-- Source data follows --
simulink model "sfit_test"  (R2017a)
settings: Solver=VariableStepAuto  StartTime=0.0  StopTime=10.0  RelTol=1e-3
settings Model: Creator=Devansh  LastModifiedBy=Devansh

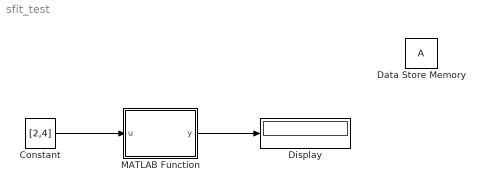
== system sfit_test ==
  Constant : Constant  Value=[2,4]
  Data Store Memory : DataStoreMemory  ReadBeforeWriteMsg=warning  WriteAfterWriteMsg=warning  WriteAfterReadMsg=warning  ShowAdditionalParam=off
  Display : Display
      settings: Decimation=2
  MATLAB Function : MATLAB Function  TreatAsAtomicUnit=on
  wires:
  MATLAB Function/1(y) -> Display/1
  Constant/1 -> MATLAB Function/1(u)

== matlab function sfit_test/MATLAB Function ==
  data: u input; y output
function y = fcn(u)

c=load('./SSTOL_Aero_Model/cl_fit40.mat');

y = c.cl_fit_40(u(1),u(2));
-- Source data concluded --
» Task prompt
Only the text of the records belongs in the answer, printed exactly and without pictures.

» Solution for this task
simulink model "sfit_test"  (R2017a)
settings: Solver=VariableStepAuto  StartTime=0.0  StopTime=10.0  RelTol=1e-3
settings Model: Creator=Devansh  LastModifiedBy=Devansh

== system sfit_test ==
  Constant : Constant  Value=[2,4]
  Data Store Memory : DataStoreMemory  ReadBeforeWriteMsg=warning  WriteAfterWriteMsg=warning  WriteAfterReadMsg=warning  ShowAdditionalParam=off
  Display : Display
      settings: Decimation=2
  MATLAB Function : MATLAB Function  TreatAsAtomicUnit=on
  wires:
  MATLAB Function/1(y) -> Display/1
  Constant/1 -> MATLAB Function/1(u)

== matlab function sfit_test/MATLAB Function ==
  data: u input; y output
function y = fcn(u)

c=load('./SSTOL_Aero_Model/cl_fit40.mat');

y = c.cl_fit_40(u(1),u(2));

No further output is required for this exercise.